Directions for this task — Looking through the data, please report how many lines contain the string "units", giving nothing but the number.

Extracted data —
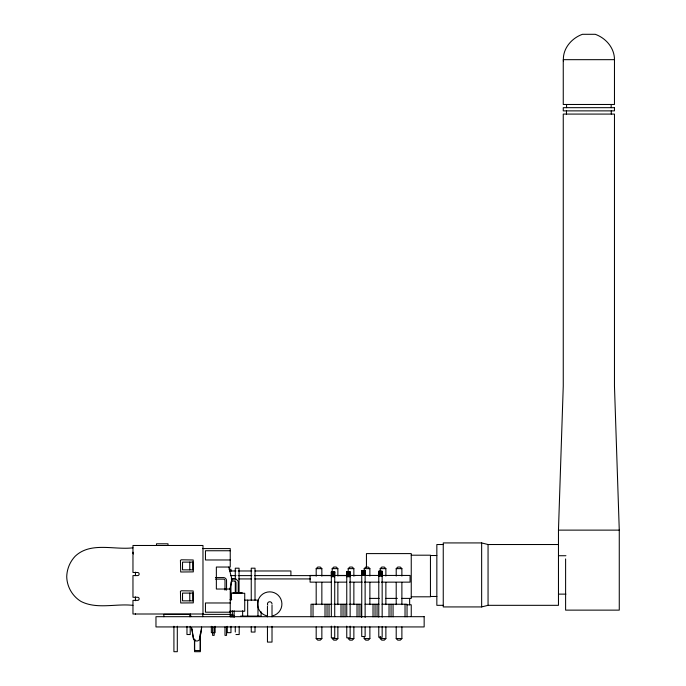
<?xml version="1.0" encoding="UTF-8"?>
<svg xmlns="http://www.w3.org/2000/svg" width="686" height="686" viewBox="0 0 686 686"><rect width="100%" height="100%" fill="white"/><g stroke="black" fill="none" stroke-linecap="round" stroke-linejoin="round"><path stroke-width="1.03" d="M558.464 544.521L488.055 544.521L481.649 542.926L443.25 542.926L443.25 606.93L481.649 606.93L488.055 605.326L558.464 605.326L558.464 530.124L563.257 386.107L563.257 114.082L614.467 114.082L614.467 386.107L619.269 530.124L619.269 610.128L565.607 610.128L565.607 558.927M201.564 627.013L201.341 629.474M201.675 627.664L199.96 638.512A3.344 3.027 0 0 1 193.349 638.512L191.634 627.664M199.96 637.671L201.315 629.662M202.979 613.738L202.824 614.364M229.801 589.308L231.748 581.548L231.748 578.735L228.832 567.099M316.186 576.051L316.186 568.634L317.764 567.056L320.285 567.056L321.854 568.634L321.854 576.051M332.187 571.815L332.187 568.634L333.765 567.056L336.286 567.056L337.864 568.634L337.864 576.051M348.196 571.815L348.196 568.634L349.774 567.056L352.287 567.056L353.865 568.634L353.865 576.051M364.197 570.752L364.197 568.634L365.775 567.056L368.296 567.056L369.874 568.634L369.874 576.051M380.207 571.815L380.207 568.634L381.776 567.056L384.297 567.056L385.875 568.634L385.875 576.051M321.854 626.918L321.854 638.572L320.285 640.149L317.764 640.149L316.186 638.572L316.186 626.918M396.208 576.051L396.208 568.634L397.786 567.056L400.307 567.056L401.885 568.634L401.885 576.051M337.864 638.572L336.286 640.149L333.765 640.149L332.187 638.572L337.864 638.572L337.864 626.918M353.865 638.572L352.287 640.149L349.774 640.149L348.196 638.572L353.865 638.572L353.865 626.918M369.874 626.918L369.874 638.572L368.296 640.149L365.775 640.149L364.197 638.572L364.197 636.454M385.875 626.918L385.875 638.572L384.297 640.149L381.776 640.149L380.207 638.572L380.207 636.454M401.885 626.918L401.885 638.572L400.307 640.149L397.786 640.149L396.208 638.572L396.208 626.918M614.467 59.673L563.257 59.673L563.257 104.478L614.467 104.478L614.467 59.673C614.502 47.977 605.944 38.15 595.268 34.3L582.465 34.3C571.267 38.27 562.083 49.281 563.515 61.569M558.464 530.124L619.269 530.124M443.25 544.521L436.845 544.521L436.845 605.326L443.25 605.326M132.955 547.822C114.108 550.155 90.655 541.528 75.16 556.252C69.946 561.774 66.954 569.003 66.731 576.592C66.902 586.727 72.433 596.297 81.12 601.511C97.12 609.545 115.917 603.38 132.955 605.361M202.542 548.577L230.239 548.577L230.239 567.039L216.356 567.039L216.356 589.034L230.239 589.034L230.239 616.731M230.239 550.747L205.457 550.747L205.457 559.973L230.239 559.973M411.248 555.197L430.448 555.197L430.448 596.803L411.248 596.803M430.448 555.514L436.845 555.514M558.464 555.729L565.924 555.729M316.186 568.634L321.854 568.634M332.187 568.634L337.864 568.634M348.196 568.634L353.865 568.634M364.197 568.634L369.874 568.634M380.207 568.634L385.875 568.634M396.208 568.634L401.885 568.634M229.09 569.243L230.959 569.243L230.959 571.361M361.736 570.529L365.124 570.486L365.124 617.434M361.736 570.683L365.124 570.683M229.673 570.975L236.01 570.975M238.119 570.975L251.839 570.975M255.012 570.975L290.907 570.975L290.907 575.614M361.736 570.923L365.124 570.923M361.736 571.258L365.124 571.258M378.775 571.292L382.162 571.292M378.775 571.438L382.162 571.438M361.736 571.678L365.124 571.678M378.775 571.687L382.162 571.687M334.725 571.815L331.338 571.764L331.338 616.594M346.756 571.815L350.143 571.764L350.143 616.594M331.338 571.961L334.725 571.961M346.756 571.961L350.143 571.961M378.775 572.021L382.162 572.021M331.338 572.201L334.725 572.201M346.756 572.201L350.143 572.201M361.736 572.175L365.124 572.175M331.338 572.536L334.725 572.536M346.756 572.536L350.143 572.536M378.775 572.441L382.162 572.441M361.736 572.741L365.124 572.741M331.338 572.956L334.725 572.956M346.756 572.956L350.143 572.956M378.775 572.939L382.162 572.939M361.736 573.359L365.124 573.359M331.338 573.453L334.725 573.453M346.756 573.453L350.143 573.453M378.775 573.505L382.162 573.505M331.338 574.019L334.725 574.019M346.756 574.019L350.143 574.019M361.736 574.028L365.124 574.028M378.775 574.122L382.162 574.122M331.338 574.645L334.725 574.645M346.756 574.645L350.143 574.645M361.736 574.731L365.124 574.731M378.775 574.791L382.162 574.791M331.338 575.305L334.725 575.305M346.756 575.305L350.143 575.305M331.355 575.443L310.081 575.443L310.081 582.14L331.355 582.14M334.545 575.443L346.25 575.443M349.44 575.443L410.074 575.443L410.074 582.14L381.347 582.14M230.728 575.614L236.01 575.614M238.119 575.614L251.839 575.614M254.806 575.614L316.889 575.614M321.168 575.614L331.87 575.614M338.292 575.614L346.859 575.614M353.281 575.614L355.425 575.614M331.338 576.008L334.725 576.008M346.756 576.008L350.143 576.008M378.775 576.206L382.162 576.206M331.338 576.729L334.725 576.729M346.756 576.729L350.143 576.729M215.43 577.569L223.447 577.569A3.104 3.104 0 0 1 226.552 580.673L226.552 590.14M231.748 578.735L235.701 578.735L238.222 581.256L238.222 593.493M231.251 578.933L235.538 578.933M238.745 578.933L251.59 578.933M254.806 578.933L310.466 578.933M215.43 579.121L223.447 579.121A1.552 1.552 0 0 1 224.999 580.673L224.999 590.14M231.748 580.982L234.723 580.982L235.984 582.243L235.984 593.484M334.545 582.14L346.25 582.14M349.44 582.14L362.199 582.14M364.335 582.14L379.221 582.14M232.871 592.721L242.261 592.721M558.464 594.127L565.924 594.127M430.448 596.477L436.845 596.477M369.643 598.398L379.238 598.398M385.643 598.398L397.374 598.398M401.644 598.398L411.248 598.398L411.248 553.593L366.444 553.593L366.444 567.468M230.024 599.581L231.748 599.581M244.499 600.121L257.979 600.121L257.979 616.088M230.239 602.977L205.457 602.977L205.457 612.204L230.239 612.204M332.033 604.237L311.015 604.237L311.015 616.834M334.031 604.237L347.039 604.237M349.037 604.237L361.05 604.237L361.05 616.834M365.038 604.237L379.049 604.237M382.042 604.237L407.047 604.237L407.047 616.834M406.858 604.803L411.248 604.803L411.248 616.534M229.759 611.217L244.73 611.217L244.73 593.27L231.148 593.27L231.148 599.813M202.979 614.004L132.964 614.004L132.964 600.37L137.612 600.37A1.552 1.552 0 0 0 139.155 598.827A1.552 1.552 0 0 0 137.612 597.274L132.964 597.274L132.964 575.588L137.612 575.588A1.552 1.552 0 0 0 139.155 574.045A1.552 1.552 0 0 0 137.612 572.493L132.964 572.493L132.964 545.481L202.979 545.481L202.979 614.004A7.915 0.506 -82.2 0 0 202.644 616.671M202.559 614.373L230.239 614.373M229.956 614.785L233.086 614.785M230.23 616.088L234.389 616.088M240.572 616.088L261.117 616.088L261.117 611.826M230.582 616.808L234.578 616.808M235.941 634.533L239.191 634.533L239.191 626.327M316.186 638.572L321.854 638.572M364.197 638.572L369.874 638.572M380.207 638.572L385.875 638.572M396.208 638.572L401.885 638.572M200.432 650.551L194.678 650.551L194.678 640.012M190.725 615.994L190.339 614.004A7.915 0.506 82.2 0 1 190.674 616.671M191.917 629.011L193.349 637.671A3.344 3.027 0 0 0 193.701 638.623M611.269 110.875L611.269 114.082M611.166 104.478L611.166 107.676M566.559 104.478L566.559 107.676M566.465 110.875L566.465 114.082M488.055 544.521L488.055 605.326M481.649 542.926L481.649 606.93M409.645 598.398L409.645 604.803M405.032 604.237L405.032 616.834M401.885 582.405L401.885 604.666M396.208 582.405L396.208 604.666M393.061 604.237L393.061 616.834M391.046 604.237L391.046 616.834M389.031 604.237L389.031 616.834M385.875 582.405L385.875 604.666M382.162 617.134L382.162 571.249L378.775 571.249L378.775 617.134M382.162 626.678L382.162 637.294L378.775 637.294L378.775 626.678M377.051 604.237L377.051 616.834M375.036 604.237L375.036 616.834M373.021 604.237L373.021 616.834M369.874 582.405L369.874 604.666M365.124 626.978L365.124 636.531L361.736 636.531L361.736 626.978M361.736 570.486L361.736 617.434M359.035 604.237L359.035 616.834M357.02 604.237L357.02 616.834M353.865 582.405L353.865 604.666M350.143 626.138L350.143 637.817L346.756 637.817L346.756 626.138M346.756 571.764L346.756 616.594M345.041 604.237L345.041 616.834M343.026 604.237L343.026 616.834M341.011 604.237L341.011 616.834M337.864 582.405L337.864 604.666M334.725 571.764L334.725 616.594M334.725 626.138L334.725 637.817L331.338 637.817L331.338 626.138M329.04 604.237L329.04 616.834M327.025 604.237L327.025 616.834M325.01 604.237L325.01 616.834M321.854 582.405L321.854 604.666M316.186 582.405L316.186 604.666M313.039 604.237L313.039 616.834M272.016 605.172L272.016 616.834M272.016 626.309L272.016 642.087L267.454 642.087L267.454 626.309M267.454 606.313L267.454 616.834M255.02 600.121L255.02 568.188L251.248 568.188L251.248 600.121M255.02 626.73L255.02 632.055L251.248 632.055L251.248 626.73M247.663 600.121L247.663 616.088M242.638 610.763L242.638 616.088M239.054 592.67L239.054 568.188L235.281 568.188L235.281 578.83M235.281 580.965L235.281 592.67M235.281 626.73L235.281 632.055M234.14 610.806L234.14 617.091M232.331 610.763L232.331 616.088M230.959 581.934L230.959 599.898M230.959 626.318L230.959 632.663L227.212 632.663L227.212 626.318M226.552 626.961L226.552 635.382L224.999 635.382L224.999 626.961M215.104 626.318L215.104 632.663L211.357 632.663L211.357 626.318M214.161 626.953L214.161 635.382L212.609 635.382L212.609 626.953M200.432 633.692L200.338 651.7L194.584 651.7L194.584 649.573M200.209 634.001L200.209 649.805M194.455 639.266L194.455 649.805M190.219 626.327L190.219 634.533L186.969 634.533L186.969 626.327M189.782 562.117L189.782 569.86M189.782 593.09L189.782 600.842M189.782 616.731L189.782 614.373L163.877 614.373L163.877 616.731M177.305 626.232L177.305 651.7L173.918 651.7L173.918 626.232M168.001 544.916L168.001 543.792L156.494 543.792L156.494 544.916M135.442 572.15L135.442 575.631M135.442 596.889L135.442 600.722M135.442 613.593L135.442 614.373M133.436 553.936A3.944 3.944 0 0 1 133.281 553.611A4.047 4.047 0 0 1 133.058 552.925M133.058 552.933A3.944 3.944 0 0 1 132.973 552.196M199.832 638.16A3.344 3.027 0 0 1 199.317 639.052M195.296 639.978A3.344 3.027 0 0 1 194.807 639.738M194.37 639.421A3.344 3.027 0 0 1 194.001 639.052M266.588 615.788A12.177 12.177 0 0 1 259.762 597.043A12.177 12.177 0 0 1 279.708 597.043A12.177 12.177 0 0 1 272.891 615.788M267.763 605.172A2.281 2.281 0 0 1 269.144 601.828A2.281 2.281 0 0 1 272.016 604.032M180.427 560.453L180.701 571.995L193.298 571.892L193.195 559.982L181.215 559.793L180.427 560.453M180.427 591.435L180.701 602.977L193.298 602.874L193.195 590.955L181.215 590.766L180.427 591.435M614.467 107.676L563.257 107.676L563.257 110.875L614.467 110.875L614.467 107.676M192.877 562.117L182.527 562.117L182.527 569.86L192.877 569.86L192.877 562.117M192.877 593.09L182.527 593.09L182.527 600.842L192.877 600.842L192.877 593.09M424.154 616.688L155.971 616.688L155.971 626.935L424.154 626.935L424.154 616.688"/></g></svg>
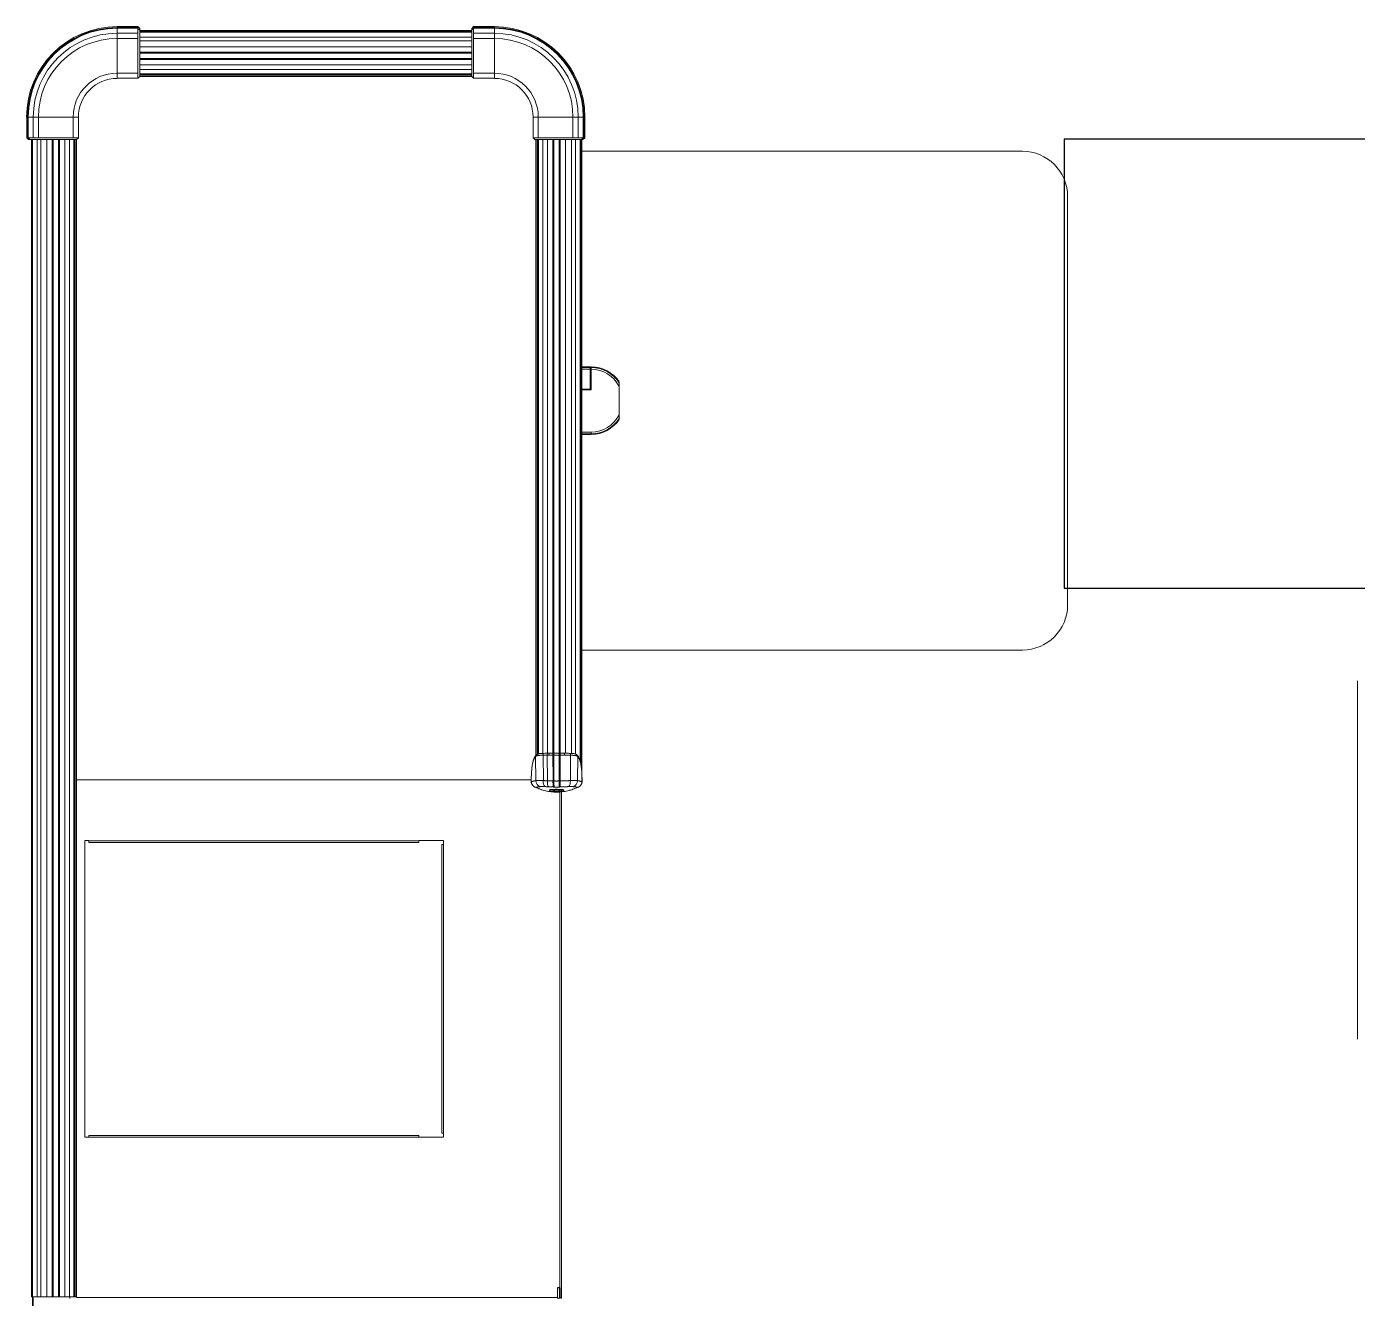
# Model space of a CAD drawing. Header units: inches. Extents: x 148614 to 294443, y 4730 to 138360.
# Drawn here: x 218548 to 219882, y 105121 to 106396 of the extents above; entities that cross this region are included whole.
import ezdxf

# ---------------------------------------------------------------- set-up
doc = ezdxf.new("R2010")
doc.units = ezdxf.units.IN
doc.header["$MEASUREMENT"] = 0
for name, color, linetype, lineweight in [('01-PDA MEP', 7, 'Continuous', 15), ('Aristas tangentes visibles(Kider)', 7, 'Continuous', 5), ('Aristas visibles(Kider)', 7, 'Continuous', 5), ('Column', 32, 'Continuous', 30), ('DIAMENSION', 122, 'Continuous', 15), ('STR', 32, 'Continuous', 25)]:
    doc.layers.add(name, color=color, linetype=linetype, lineweight=lineweight)

# ---------------------------------------------------------------- blocks, each defined once
blk = doc.blocks.new('xcz')
at = {"layer": 'Aristas visibles(Kider)'}
blk.add_line((2320431.4, -2965878.7), (2320431.4, -2966238), dxfattribs=at)
blk = doc.blocks.new('xk19')
blk.add_line((-169.675, 299.8401), (-169.6775, 299.8401))
at = {"layer": 'Aristas tangentes visibles(Kider)'}
for p, q in [((-170.119, 301.1036), (-170.119, 301.1045)), ((-170.119, 301.1036), (-170.0981, 301.1036)), ((-170.119, 301.1029), (-170.119, 301.1036)), ((-170.119, 301.1029), (-170.0981, 301.1029)), ((-170.119, 301.1029), (-170.119, 301.1029)), ((-170.119, 301.0979), (-170.119, 301.1029)), ((-170.119, 301.0979), (-170.0981, 301.0979)), ((-170.119, 301.0927), (-170.119, 301.0979)), ((-169.7635, 301.0995), (-170.0963, 301.0995)), ((-169.7635, 301.0988), (-170.0963, 301.0988)), ((-169.7408, 301.1036), (-169.7617, 301.1036)), ((-169.7408, 301.1029), (-169.7617, 301.1029)), ((-169.7408, 301.0979), (-169.7617, 301.0979)), ((-169.7408, 301.1036), (-169.7408, 301.1045)), ((-169.7408, 301.1029), (-169.7408, 301.1036)), ((-169.7408, 301.1029), (-169.7408, 301.1029)), ((-169.7408, 301.0979), (-169.7408, 301.1029)), ((-169.7408, 301.0927), (-169.7408, 301.0979)), ((-170.119, 301.0927), (-170.0981, 301.0927)), ((-170.119, 301.0578), (-170.119, 301.0927)), ((-169.7635, 301.094), (-170.0963, 301.094)), ((-169.7635, 301.0902), (-170.0963, 301.0902)), ((-169.7408, 301.0927), (-169.7617, 301.0927)), ((-169.7408, 301.0578), (-169.7408, 301.0927)), ((-170.119, 301.0578), (-170.0981, 301.0578)), ((-170.119, 301.0527), (-170.119, 301.0578)), ((-169.7635, 301.0615), (-170.0963, 301.0615)), ((-169.7635, 301.056), (-170.0963, 301.056)), ((-169.7408, 301.0578), (-169.7617, 301.0578)), ((-169.7408, 301.0527), (-169.7408, 301.0578)), ((-169.7635, 301.0547), (-170.0963, 301.0547)), ((-170.2087, 301.0138), (-170.2096, 301.0138)), ((-170.208, 301.0138), (-170.2087, 301.0138)), ((-170.2087, 300.993), (-170.2087, 301.0138)), ((-170.208, 301.0138), (-170.208, 301.0138)), ((-170.203, 301.0138), (-170.208, 301.0138)), ((-170.208, 300.993), (-170.208, 301.0138)), ((-170.1978, 301.0138), (-170.203, 301.0138)), ((-170.203, 300.993), (-170.203, 301.0138)), ((-170.163, 301.0138), (-170.1978, 301.0138)), ((-170.1978, 300.993), (-170.1978, 301.0138)), ((-170.1578, 301.0138), (-170.163, 301.0138)), ((-170.163, 300.993), (-170.163, 301.0138)), ((-169.702, 301.0138), (-169.6969, 301.0138)), ((-169.6969, 301.0138), (-169.662, 301.0138)), ((-169.6969, 300.993), (-169.6969, 301.0138)), ((-169.662, 301.0138), (-169.6568, 301.0138)), ((-169.662, 300.993), (-169.662, 301.0138)), ((-169.6568, 301.0138), (-169.6518, 301.0138)), ((-169.6568, 300.993), (-169.6568, 301.0138)), ((-169.6518, 301.0138), (-169.6511, 301.0138)), ((-169.6518, 301.0138), (-169.6518, 301.0138)), ((-169.6518, 300.993), (-169.6518, 301.0138)), ((-169.6511, 301.0138), (-169.6502, 301.0138)), ((-169.6511, 300.993), (-169.6511, 301.0138)), ((-170.2046, 299.8309), (-170.2046, 300.9912)), ((-170.2039, 299.8309), (-170.2039, 300.9912)), ((-170.1992, 299.8309), (-170.1992, 300.9912)), ((-170.1954, 299.8309), (-170.1954, 300.9912)), ((-170.1666, 299.8309), (-170.1666, 300.9912)), ((-170.1611, 299.8309), (-170.1611, 300.9912)), ((-170.1598, 299.8309), (-170.1598, 300.9912)), ((-169.699, 300.9912), (-169.699, 300.3741)), ((-169.6976, 300.9912), (-169.6976, 300.375)), ((-169.6922, 300.9912), (-169.6922, 300.3759)), ((-169.6634, 300.9912), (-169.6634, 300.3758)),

Your solution — 2